I'm sure there might be some "value" in one of three ways possibly a fourth if necessary. 1) fur .2) population control. 3) damage to environment--holes--erosion .4) possibly edible. However all of these are just my thoughts as I dont know for sure. lastly there doesnt have to be any value as long as the end result outweighs actually having them. Having said that, they must have some merit for being or there wouldnt be a season as well.


----------



## fr3db3ar (Aug 6, 2011)

Save their teeth and make them into a saw


----------



## BivyHunter (Jan 1, 2012)

fr3db3ar said:


> Save their teeth and make them into a saw


Brilliant!

Sent from my Vortex using Tapatalk 2


----------



## youngdon (Mar 10, 2010)

Good call Fred !

Also their brain is a delicacy..Preferably on a Ritz...Everything is good on a Ritz.


----------



## 220swift (Mar 2, 2011)

don't forget the cheez whiz........Oh, and a bottle of Blatz

......I think I'm going to be sick.....


----------



## youngdon (Mar 10, 2010)

Blatz is your problem...Try some Boones Farm (might I suggest their Apple variety) or Mogen David 20/20


----------



## 220swift (Mar 2, 2011)

omg, I haven't had any maddog in years....."I don't care who you are, that's funny"!!!!!LMAO


----------



## youngdon (Mar 10, 2010)

LOL I was thinking the same as I was typing that..those were the days..the days of no money and nasty hangovers.


----------



## gotspots (May 2, 2011)

Considering Marmots have a season and set bag limit you are required to eat them or face a waste of edible meat ticket. (if Caught)


----------



## Rick Howard (Feb 25, 2012)

Stonegod said:


> Maddog 20/20, that brings back some old memories!! Don't forget that night train express @ 17.5% it would sit my young butt down.....and it made a great parts cleaner in a pinch!LOL


Or lack of memories.


----------



## hassell (Feb 9, 2010)

220swift said:


> omg, I haven't had any maddog in years....."I don't care who you are, that's funny"!!!!!LMAO


MD 20/20- My oh my some stories to tell HA !!


----------



## hassell (Feb 9, 2010)

They are protected here, should be good eating!!!!!!


----------



## Antlerz22 (Apr 18, 2011)

220swift said:


> omg, I haven't had any maddog in years....."I don't care who you are, that's funny"!!!!!LMAO


 ok I quess this is where I say Boones Farm Country Quencher or some TJ Swan easy nights.


----------



## bones44 (Jan 7, 2011)

Seems we've all had experience with good ole Mad Dog 20/20 !

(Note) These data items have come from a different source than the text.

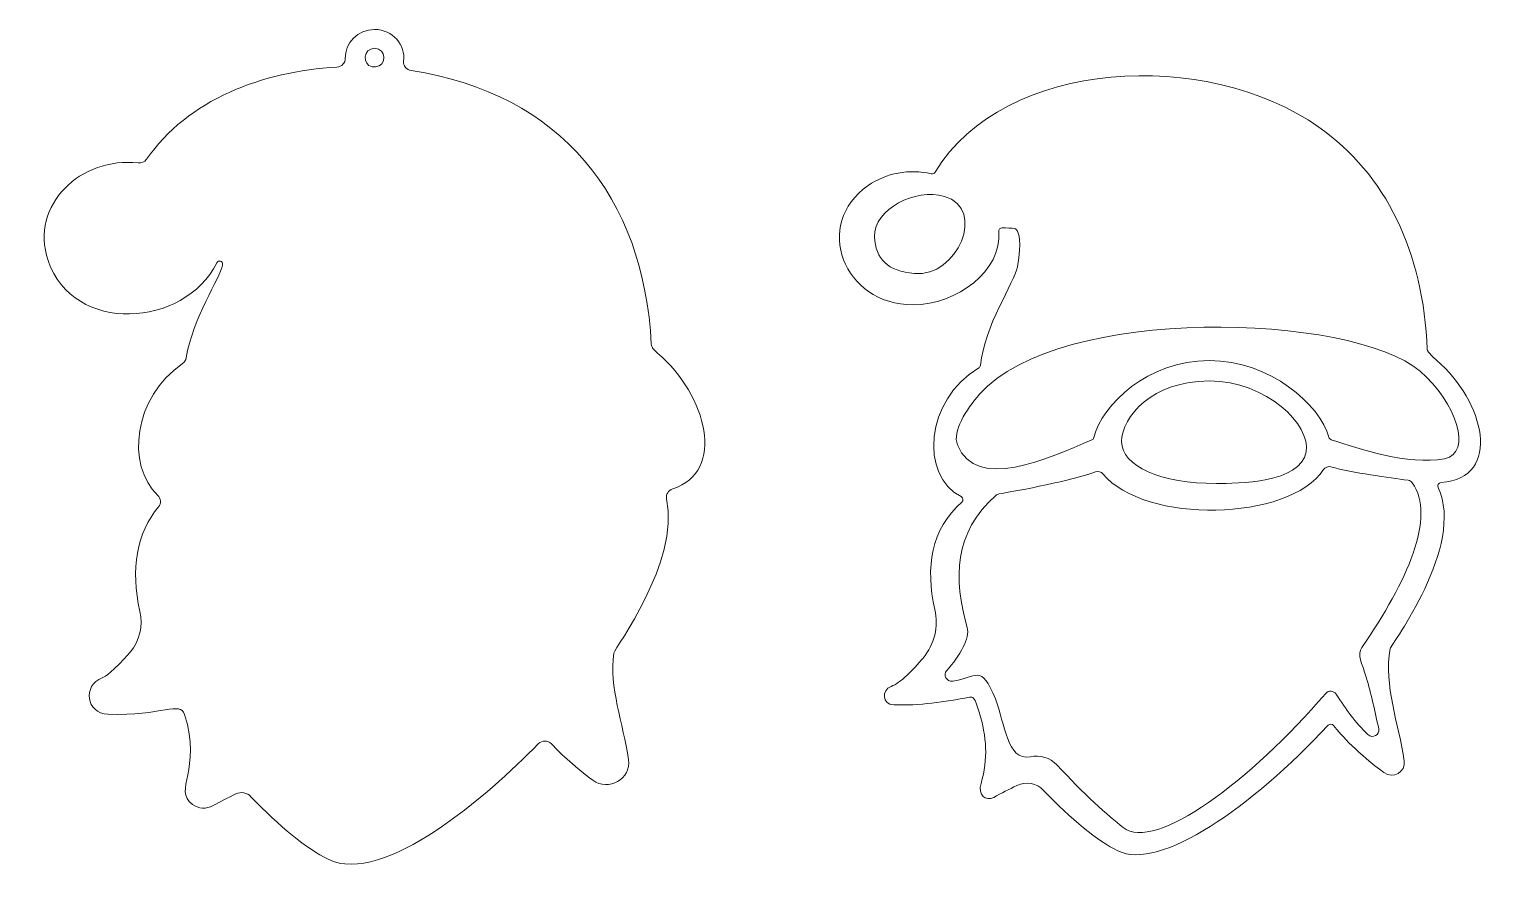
# Model space of a CAD drawing. Header units: inches. Extents: x 0.65 to 9.39, y -0.12 to 4.96.
import ezdxf

# ---------------------------------------------------------------- set-up
doc = ezdxf.new("R2010")
doc.units = ezdxf.units.IN
doc.header["$MEASUREMENT"] = 0
doc.layers.add('_U+0421_U+043B_U+043E_U+0439 1', color=7, linetype='Continuous')

msp = doc.modelspace()

# ---------------------------------------------------------------- linework, layer by layer
at = {"layer": '_U+0421_U+043B_U+043E_U+0439 1', "color": 12, "lineweight": 9, "true_color": 0xe30613}
for points, knots in [([(4.3723, 3.0415), (4.3498, 3.0608), (4.3358, 3.0721), (4.3346, 3.0955), (4.2909, 3.9653), (3.7975, 4.5828), (2.9117, 4.7168), (2.8835, 4.721), (2.8626, 4.7457), (2.8662, 4.7729), (2.8789, 4.8689), (2.8015, 4.9608), (2.6939, 4.9608), (2.5935, 4.9608), (2.5178, 4.8802), (2.5204, 4.7893), (2.5212, 4.7622), (2.4989, 4.7397), (2.4708, 4.7381), (2.0296, 4.713), (1.5841, 4.5442), (1.3424, 4.1911), (1.3314, 4.1751), (1.3118, 4.1667), (1.2921, 4.1691), (0.9534, 4.2091), (0.6477, 3.9203), (0.7579, 3.5918), (0.906, 3.15), (1.5665, 3.1906), (1.7579, 3.5771), (1.7666, 3.5947), (1.7968, 3.5894), (1.7921, 3.564), (1.7777, 3.4877), (1.6141, 3.2454), (1.5773, 3.0143), (1.5751, 3.0001), (1.567, 2.9876), (1.555, 2.9792), (1.2621, 2.7769), (1.2208, 2.3791), (1.408, 2.198), (1.427, 2.1796), (1.4298, 2.1506), (1.413, 2.1303), (1.2836, 1.9738), (1.2454, 1.7614), (1.3026, 1.5097), (1.3222, 1.4238), (1.3009, 1.3359), (1.2443, 1.2686), (1.1454, 1.1511), (1.0953, 1.1231), (1.0784, 1.1166), (0.9619, 1.0713), (0.9829, 0.9048), (1.1132, 0.9004), (1.4353, 0.8892), (1.5414, 0.9802), (1.5672, 0.8992), (1.6734, 0.5669), (1.4956, 0.4553), (1.614, 0.3654), (1.6485, 0.3392), (1.6953, 0.3366), (1.7361, 0.3587), (1.7805, 0.3827), (1.8261, 0.406), (1.8715, 0.4279), (1.9014, 0.4423), (1.9382, 0.4355), (1.9611, 0.4114), (2.127, 0.2367), (2.2939, 0.1014), (2.4188, 0.0401), (2.7476, -0.1214), (3.3684, 0.42), (3.6646, 0.725), (3.6857, 0.7467), (3.7215, 0.7465), (3.7423, 0.7245), (3.8033, 0.6598), (3.8899, 0.5806), (3.9871, 0.5096), (4.0819, 0.4402), (4.2163, 0.5169), (4.1997, 0.6306), (4.168, 0.8485), (4.0828, 1.0589), (4.113, 1.2631), (4.1176, 1.2941), (4.5047, 1.8001), (4.4253, 2.178), (4.4199, 2.2037), (4.4358, 2.2285), (4.4616, 2.2368), (4.7779, 2.338), (4.6656, 2.7908), (4.3723, 3.0415)], [0, 0, 0, 0, 1, 1, 1, 2, 2, 2, 3, 3, 3, 4, 4, 4, 5, 5, 5, 6, 6, 6, 7, 7, 7, 8, 8, 8, 9, 9, 9, 10, 10, 10, 11, 11, 11, 12, 12, 12, 13, 13, 13, 14, 14, 14, 15, 15, 15, 16, 16, 16, 17, 17, 17, 18, 18, 18, 19, 19, 19, 20, 20, 20, 21, 21, 21, 22, 22, 22, 23, 23, 23, 24, 24, 24, 25, 25, 25, 26, 26, 26, 27, 27, 27, 28, 28, 28, 29, 29, 29, 30, 30, 30, 31, 31, 31, 32, 32, 32, 33, 33, 33, 33]), ([(2.699, 4.7385), (2.6928, 4.7388), (2.6865, 4.7392), (2.6802, 4.7394), (2.62, 4.7522), (2.6247, 4.8491), (2.6939, 4.8491), (2.7664, 4.8491), (2.7679, 4.7436), (2.699, 4.7385)], [0, 0, 0, 0, 1, 1, 1, 2, 2, 2, 3, 3, 3, 3]), ([(8.9909, 2.9999), (8.9795, 3.0097), (8.9357, 3.048), (8.9352, 3.0627), (8.9132, 3.6443), (8.691, 4.1003), (8.2923, 4.3819), (7.6319, 4.8484), (6.4259, 4.7928), (6.0177, 4.1144), (6.0129, 4.1065), (6.0035, 4.1027), (5.9942, 4.1048), (5.8633, 4.1351), (5.7286, 4.1103), (5.6205, 4.0352), (5.2914, 3.8062), (5.4707, 3.3281), (5.8866, 3.3281), (6.1472, 3.3281), (6.4162, 3.5324), (6.3947, 3.7623), (6.3936, 3.7742), (6.4033, 3.7845), (6.4157, 3.7844), (6.4408, 3.7843), (6.4727, 3.7827), (6.4872, 3.7805), (6.4926, 3.7797), (6.4973, 3.7768), (6.5005, 3.7725), (6.5129, 3.7562), (6.5338, 3.7047), (6.5056, 3.554), (6.4877, 3.4593), (6.3083, 3.2033), (6.2865, 2.9695), (6.2859, 2.9632), (6.2823, 2.9576), (6.2767, 2.9542), (5.956, 2.7629), (5.9267, 2.3138), (6.1713, 2.1907), (6.1841, 2.1843), (6.1868, 2.1679), (6.1761, 2.1585), (5.9925, 1.9973), (5.9595, 1.7689), (6.0157, 1.5216), (6.0388, 1.4201), (6.0138, 1.3143), (5.9459, 1.2336), (5.8856, 1.162), (5.8123, 1.0866), (5.7568, 1.065), (5.6987, 1.0425), (5.7032, 0.9582), (5.7721, 0.9559), (5.9241, 0.9507), (6.0736, 0.9732), (6.2221, 1.0009), (6.2419, 1.0046), (6.2522, 1.0041), (6.2791, 0.9127), (6.3224, 0.7653), (6.333, 0.6375), (6.2898, 0.4901), (6.269, 0.4195), (6.3185, 0.3821), (6.3647, 0.4071), (6.4102, 0.4317), (6.4561, 0.4552), (6.5026, 0.4776), (6.5558, 0.5032), (6.6203, 0.4912), (6.6604, 0.4489), (6.8226, 0.2782), (6.9832, 0.1477), (7.1018, 0.0895), (7.3468, -0.0307), (7.8966, 0.3469), (8.3475, 0.8349), (8.3565, 0.8447), (8.3725, 0.844), (8.3803, 0.8334), (8.4213, 0.7784), (8.5323, 0.6609), (8.6788, 0.5538), (8.7328, 0.5143), (8.8089, 0.5581), (8.7995, 0.6228), (8.7672, 0.8441), (8.6755, 1.0681), (8.7161, 1.2907), (8.7192, 1.3077), (9.1636, 1.8999), (8.9999, 2.2447), (8.9936, 2.2579), (9.0026, 2.2728), (9.0176, 2.2739), (9.3877, 2.3017), (9.2724, 2.7594), (8.9909, 2.9999)], [0, 0, 0, 0, 1, 1, 1, 2, 2, 2, 3, 3, 3, 4, 4, 4, 5, 5, 5, 6, 6, 6, 7, 7, 7, 8, 8, 8, 9, 9, 9, 10, 10, 10, 11, 11, 11, 12, 12, 12, 13, 13, 13, 14, 14, 14, 15, 15, 15, 16, 16, 16, 17, 17, 17, 18, 18, 18, 19, 19, 19, 20, 20, 20, 21, 21, 21, 22, 22, 22, 23, 23, 23, 24, 24, 24, 25, 25, 25, 26, 26, 26, 27, 27, 27, 28, 28, 28, 29, 29, 29, 30, 30, 30, 31, 31, 31, 32, 32, 32, 33, 33, 33, 34, 34, 34, 34]), ([(5.8939, 3.5133), (5.7373, 3.5284), (5.6626, 3.5981), (5.6589, 3.7328), (5.6544, 3.8975), (5.9017, 4.0201), (6.0729, 3.9711), (6.3242, 3.8992), (6.15, 3.4889), (5.8939, 3.5133)], [0, 0, 0, 0, 1, 1, 1, 2, 2, 2, 3, 3, 3, 3]), ([(9.0378, 2.4157), (8.8177, 2.3749), (8.5352, 2.473), (8.3661, 2.5284), (8.3594, 2.5306), (8.3546, 2.5358), (8.3527, 2.5424), (8.2983, 2.7344), (8.0064, 2.9977), (7.6416, 2.9977), (7.2803, 2.9977), (7.0071, 2.7369), (6.9588, 2.5404), (6.9573, 2.5342), (6.9531, 2.5291), (6.947, 2.5266), (6.6817, 2.4153), (6.263, 2.2188), (6.15, 2.4973), (6.1181, 2.576), (6.2008, 2.7069), (6.2813, 2.7978), (6.2813, 2.7978), (6.2813, 2.7978), (6.2813, 2.7978), (6.7522, 3.33), (8.4865, 3.2795), (8.8927, 2.9346), (9.1074, 2.7524), (9.2078, 2.4472), (9.0378, 2.4157)], [0, 0, 0, 0, 1, 1, 1, 2, 2, 2, 3, 3, 3, 4, 4, 4, 5, 5, 5, 6, 6, 6, 7, 7, 7, 8, 8, 8, 9, 9, 9, 10, 10, 10, 10]), ([(7.1232, 2.5173), (7.1232, 2.6642), (7.3078, 2.8767), (7.6416, 2.8767), (7.9847, 2.8767), (8.2466, 2.6139), (8.2173, 2.4563), (8.1827, 2.2686), (7.8089, 2.2686), (7.6861, 2.2686), (7.3546, 2.2686), (7.1232, 2.3709), (7.1232, 2.5173)], [0, 0, 0, 0, 1, 1, 1, 2, 2, 2, 3, 3, 3, 4, 4, 4, 4]), ([(8.5478, 1.296), (8.5178, 1.2524), (8.5483, 1.2046), (8.5737, 1.1199), (8.6039, 1.019), (8.6252, 0.9179), (8.648, 0.8135), (8.6559, 0.7776), (8.6104, 0.754), (8.5836, 0.7799), (8.5065, 0.8544), (8.455, 0.9263), (8.3957, 1.0193), (8.382, 1.0409), (8.3502, 1.0433), (8.3334, 1.0237), (7.8917, 0.5074), (7.3222, 0.0792), (7.1318, 0.2286), (7.0441, 0.2975), (6.8952, 0.4304), (6.7397, 0.5997), (6.7, 0.6429), (6.6395, 0.6596), (6.5808, 0.6484), (6.443, 0.6222), (6.4329, 0.8446), (6.3746, 0.9908), (6.2884, 1.2067), (6.2613, 1.1138), (6.1217, 1.0967), (6.0854, 1.0922), (6.0623, 1.133), (6.0863, 1.1596), (6.1636, 1.2452), (6.2257, 1.3537), (6.208, 1.4149), (6.1255, 1.7013), (6.1281, 1.9783), (6.3771, 2.1981), (6.3826, 2.203), (6.3895, 2.2062), (6.3969, 2.2073), (6.5222, 2.2265), (6.8256, 2.2865), (6.9693, 2.3376), (6.9847, 2.3431), (7.0018, 2.3382), (7.012, 2.3258), (7.2603, 2.0263), (8.1156, 2.0425), (8.3208, 2.3511), (8.3301, 2.365), (8.3474, 2.3716), (8.3639, 2.3671), (8.4934, 2.3316), (8.7087, 2.3034), (8.822, 2.2878), (8.832, 2.2864), (8.8413, 2.2813), (8.847, 2.2732), (8.9899, 2.0703), (8.8168, 1.6878), (8.5478, 1.296)], [0, 0, 0, 0, 1, 1, 1, 2, 2, 2, 3, 3, 3, 4, 4, 4, 5, 5, 5, 6, 6, 6, 7, 7, 7, 8, 8, 8, 9, 9, 9, 10, 10, 10, 11, 11, 11, 12, 12, 12, 13, 13, 13, 14, 14, 14, 15, 15, 15, 16, 16, 16, 17, 17, 17, 18, 18, 18, 19, 19, 19, 20, 20, 20, 21, 21, 21, 21])]:
    msp.add_open_spline(points, degree=3, knots=knots, dxfattribs=at)

doc.saveas('drawing.dxf')

So is a Marmot considered to be a rockchuck ? We don't have them, just groundhogs which are similar. If so, people eat groundhogs. My uncles used to boil and then roast them on the grill when I was a kid. Never tried it but they swore by it.


----------



## prairiewolf (Feb 19, 2012)

Mad dog 20/20, I am still trying to forget some of those days, and now you guys bring them all up again. LOL


----------



## youngdon (Mar 10, 2010)

prairiewolf said:


> Mad dog 20/20, I am still trying to forget some of those days, and now you guys bring them all up again. LOL


LOL You're welcome !


----------



## youngdon (Mar 10, 2010)

bones44 said:


> So is a Marmot considered to be a rockchuck ? We don't have them, just groundhogs which are similar.


http://en.wikipedia.org/wiki/Marmot


----------



## glenway (Mar 27, 2011)

Had plenty of the rodents (sorry, marmots are rodents) and like Bones said, par boil the vegetarians first until the meat pulls from the bones easily. Just keep the good parts such as legs, back, as you would a rabbit. Once boiled, put them in any dish like noodles, rice or grill them. I'm not one to trick anyone into eating something they can't wrap their mind around, so I always tell them first. Every person that have I fed it to, liked it! The meat is considered a delicacy in some parts and is extremely clean tasting. And one more thing: Eating one is the best way to teach them a lesson about the food chain.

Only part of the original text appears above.